▶ EXERCISE DETAILS
The sole answer should be the number of lines in the material below that hold "also".

▶ DATA SHOWN
-=-=-=-=-

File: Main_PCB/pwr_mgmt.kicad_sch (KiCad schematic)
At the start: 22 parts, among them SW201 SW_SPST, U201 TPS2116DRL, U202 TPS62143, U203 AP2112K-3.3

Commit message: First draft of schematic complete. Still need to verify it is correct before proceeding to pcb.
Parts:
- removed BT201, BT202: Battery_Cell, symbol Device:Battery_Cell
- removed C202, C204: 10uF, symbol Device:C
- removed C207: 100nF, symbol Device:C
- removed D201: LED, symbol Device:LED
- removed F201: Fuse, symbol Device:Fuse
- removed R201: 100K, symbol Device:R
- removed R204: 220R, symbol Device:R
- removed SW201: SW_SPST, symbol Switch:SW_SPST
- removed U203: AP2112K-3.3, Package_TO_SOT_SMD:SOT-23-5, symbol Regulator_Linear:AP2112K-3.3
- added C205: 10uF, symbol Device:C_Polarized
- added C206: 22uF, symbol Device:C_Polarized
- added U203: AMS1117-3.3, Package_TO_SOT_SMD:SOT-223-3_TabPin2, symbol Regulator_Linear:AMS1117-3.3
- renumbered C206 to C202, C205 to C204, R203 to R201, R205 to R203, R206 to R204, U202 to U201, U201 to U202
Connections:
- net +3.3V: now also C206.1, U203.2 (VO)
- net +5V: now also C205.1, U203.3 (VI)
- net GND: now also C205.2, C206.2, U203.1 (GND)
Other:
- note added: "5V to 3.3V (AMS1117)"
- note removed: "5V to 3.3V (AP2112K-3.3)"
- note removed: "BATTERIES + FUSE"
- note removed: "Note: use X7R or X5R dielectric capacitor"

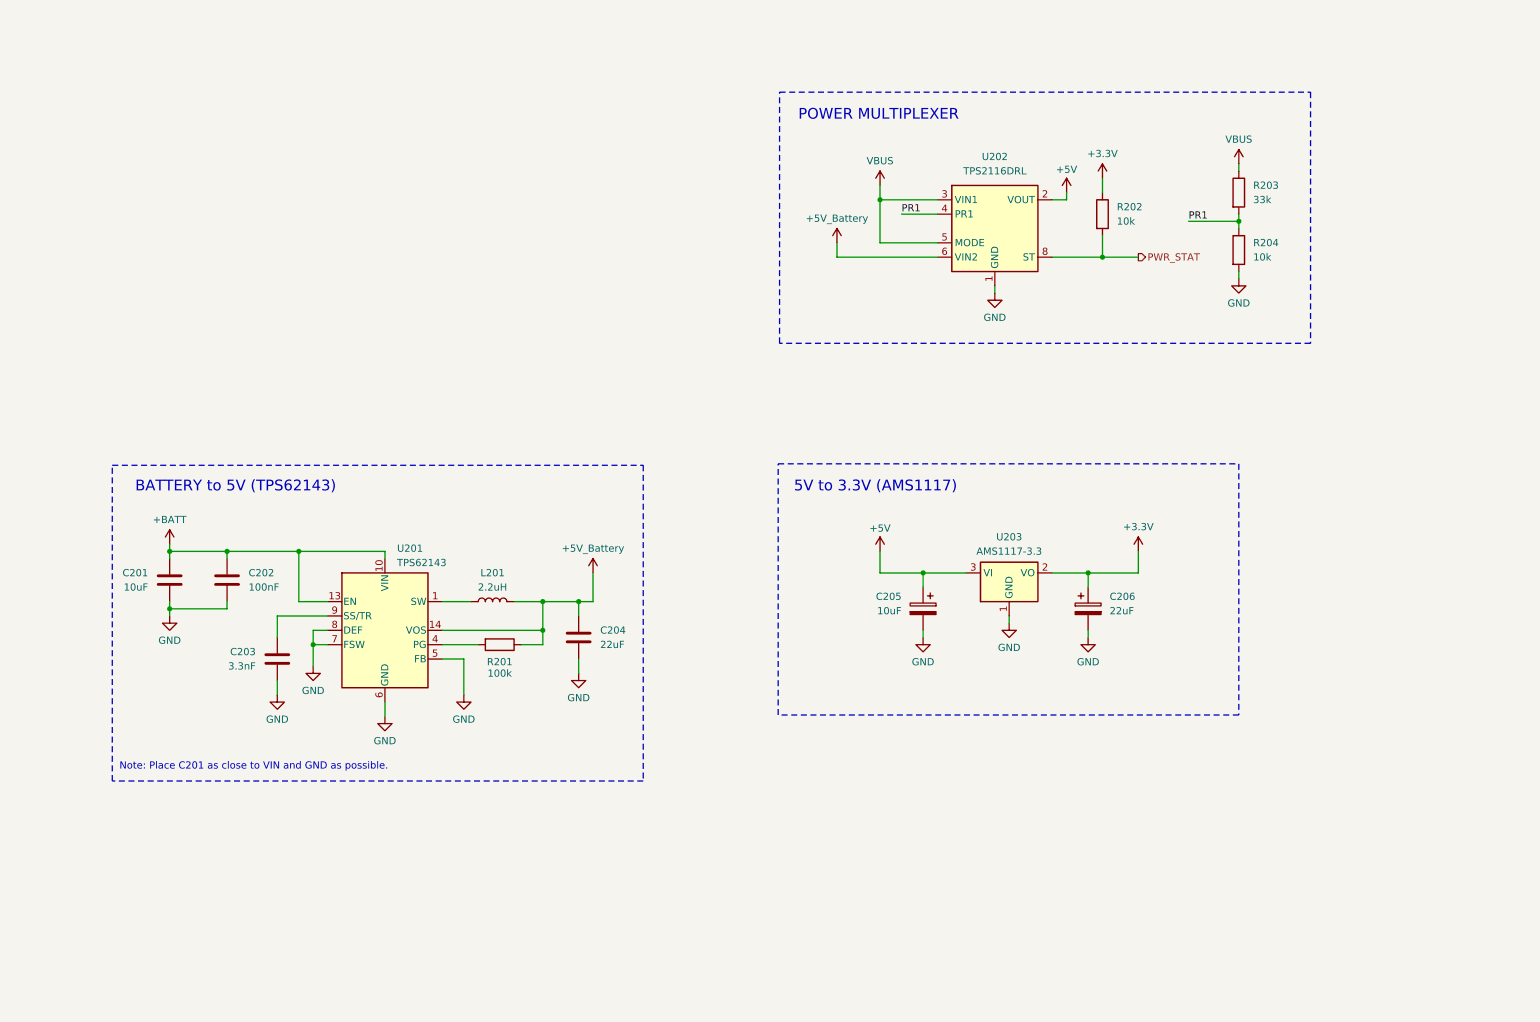
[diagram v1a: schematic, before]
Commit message: Added decoupling capacitors, pulldown resistors, test points, and more. Still need to finish verifying schematic before PCB layout.
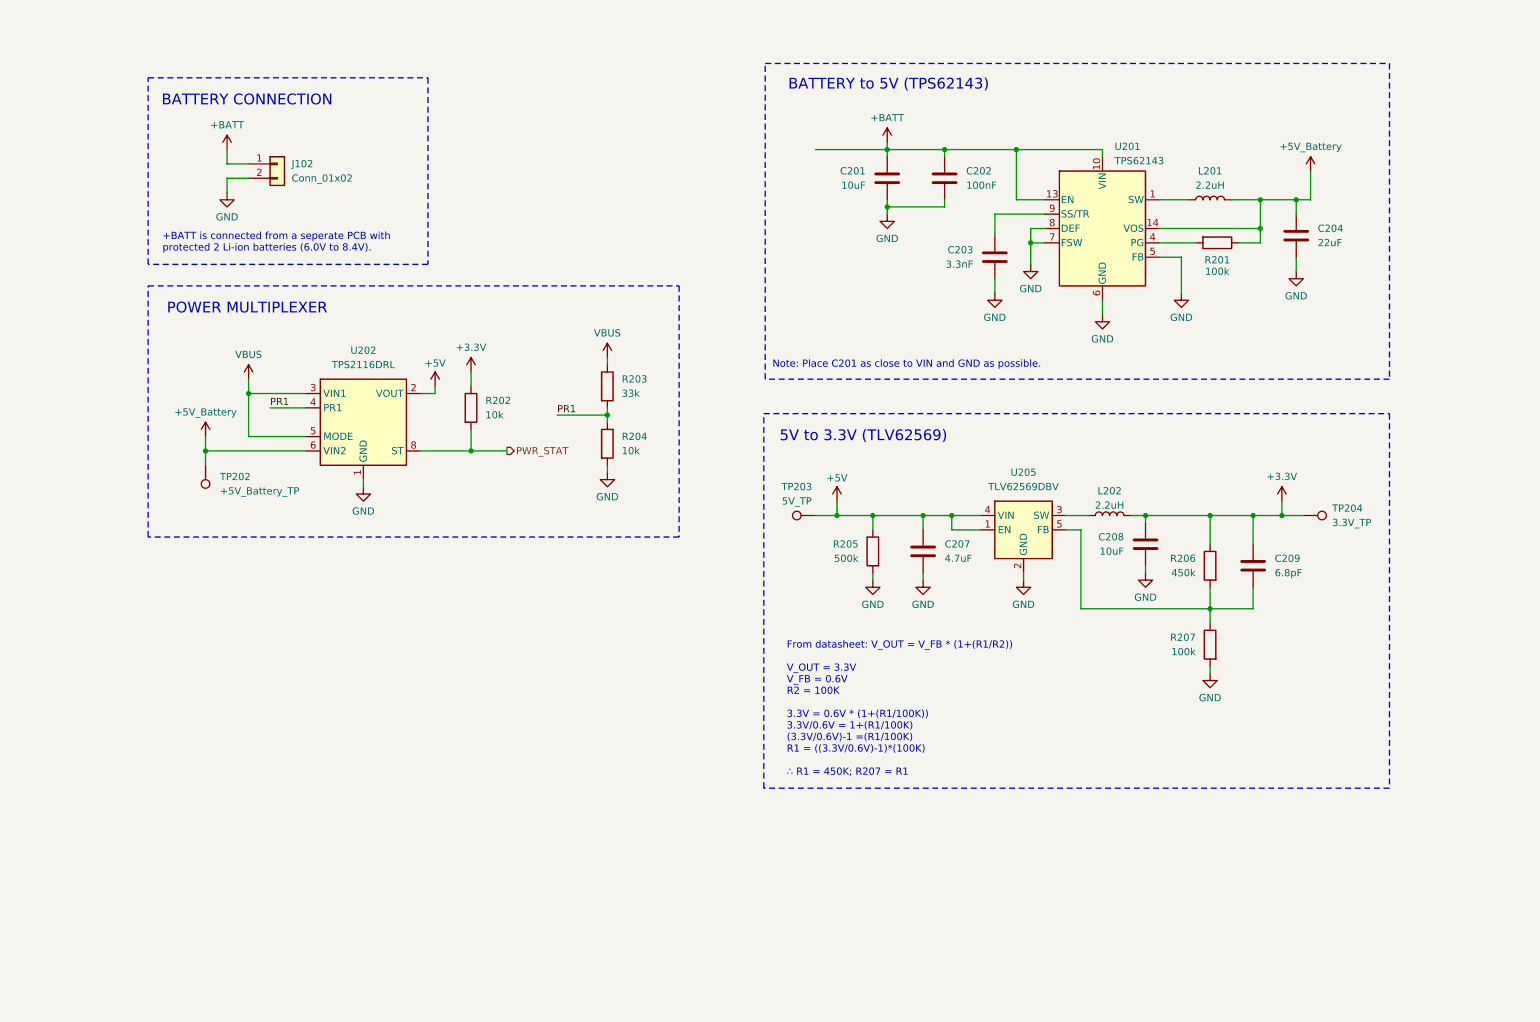
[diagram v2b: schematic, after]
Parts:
- removed C205: 10uF, symbol Device:C_Polarized
- removed C206: 22uF, symbol Device:C_Polarized
- removed U203: AMS1117-3.3, Package_TO_SOT_SMD:SOT-223-3_TabPin2, symbol Regulator_Linear:AMS1117-3.3
- added C207: 4.7uF, symbol Device:C
- added C208: 10uF, symbol Device:C
- added C209: 6.8pF, symbol Device:C
- added J102: Conn_01x02, symbol Connector_Generic:Conn_01x02
- added L202: 2.2uH, symbol Device:L
- added R205: 500k, symbol Device:R
- added R206: 450k, symbol Device:R
- added R207: 100k, symbol Device:R
- added TP202: +5V_Battery_TP, symbol Connector:TestPoint
- added TP203: 5V_TP, symbol Connector:TestPoint
- added TP204: 3.3V_TP, symbol Connector:TestPoint
- added U205: TLV62569DBV, Package_TO_SOT_SMD:SOT-23-5, symbol Regulator_Switching:TLV62569DBV
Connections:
- net +3.3V: now also C208.1, C209.1, L202.2, R206.1, TP204.1
- net +5V: now also C207.1, R205.1, TP203.1, U205.1 (EN), U205.4 (VIN)
- net +5V_Battery: now also TP202.1
- net +BATT: now also J102.1 (Pin_1)
- net GND: now also C207.2, C208.2, J102.2 (Pin_2), R205.2, R207.2, U205.2 (GND)
- new net: C209.2, R206.2, R207.1, U205.5 (FB)
- new net: L202.1, U205.3 (SW)
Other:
- note added: "+BATT is connected from a seperate PCB with protected 2 Li-ion batteries (6.0V to 8.4V)."
- note added: "5V to 3.3V (TLV62569)"
- note added: "BATTERY CONNECTION"
- note added: "From datasheet: V_OUT = V_FB * (1+(R1/R2)) V_OUT = 3.3V V_FB = 0.6V R2 = 100K 3.3V = 0.6V * (1+(R1/100K)) 3.3V/0.6V = 1+(R1/100K) (3.3V/0.6V)-1 =(R1/100K) R1 = ((3.3V/0.6V)-1)*(100K) ∴ R1 = 450K; R207 = R1"
- note removed: "5V to 3.3V (AMS1117)"
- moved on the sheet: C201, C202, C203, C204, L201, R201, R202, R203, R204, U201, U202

-=-=-=-=-

▶ ANSWER TO THIS PROBLEM
8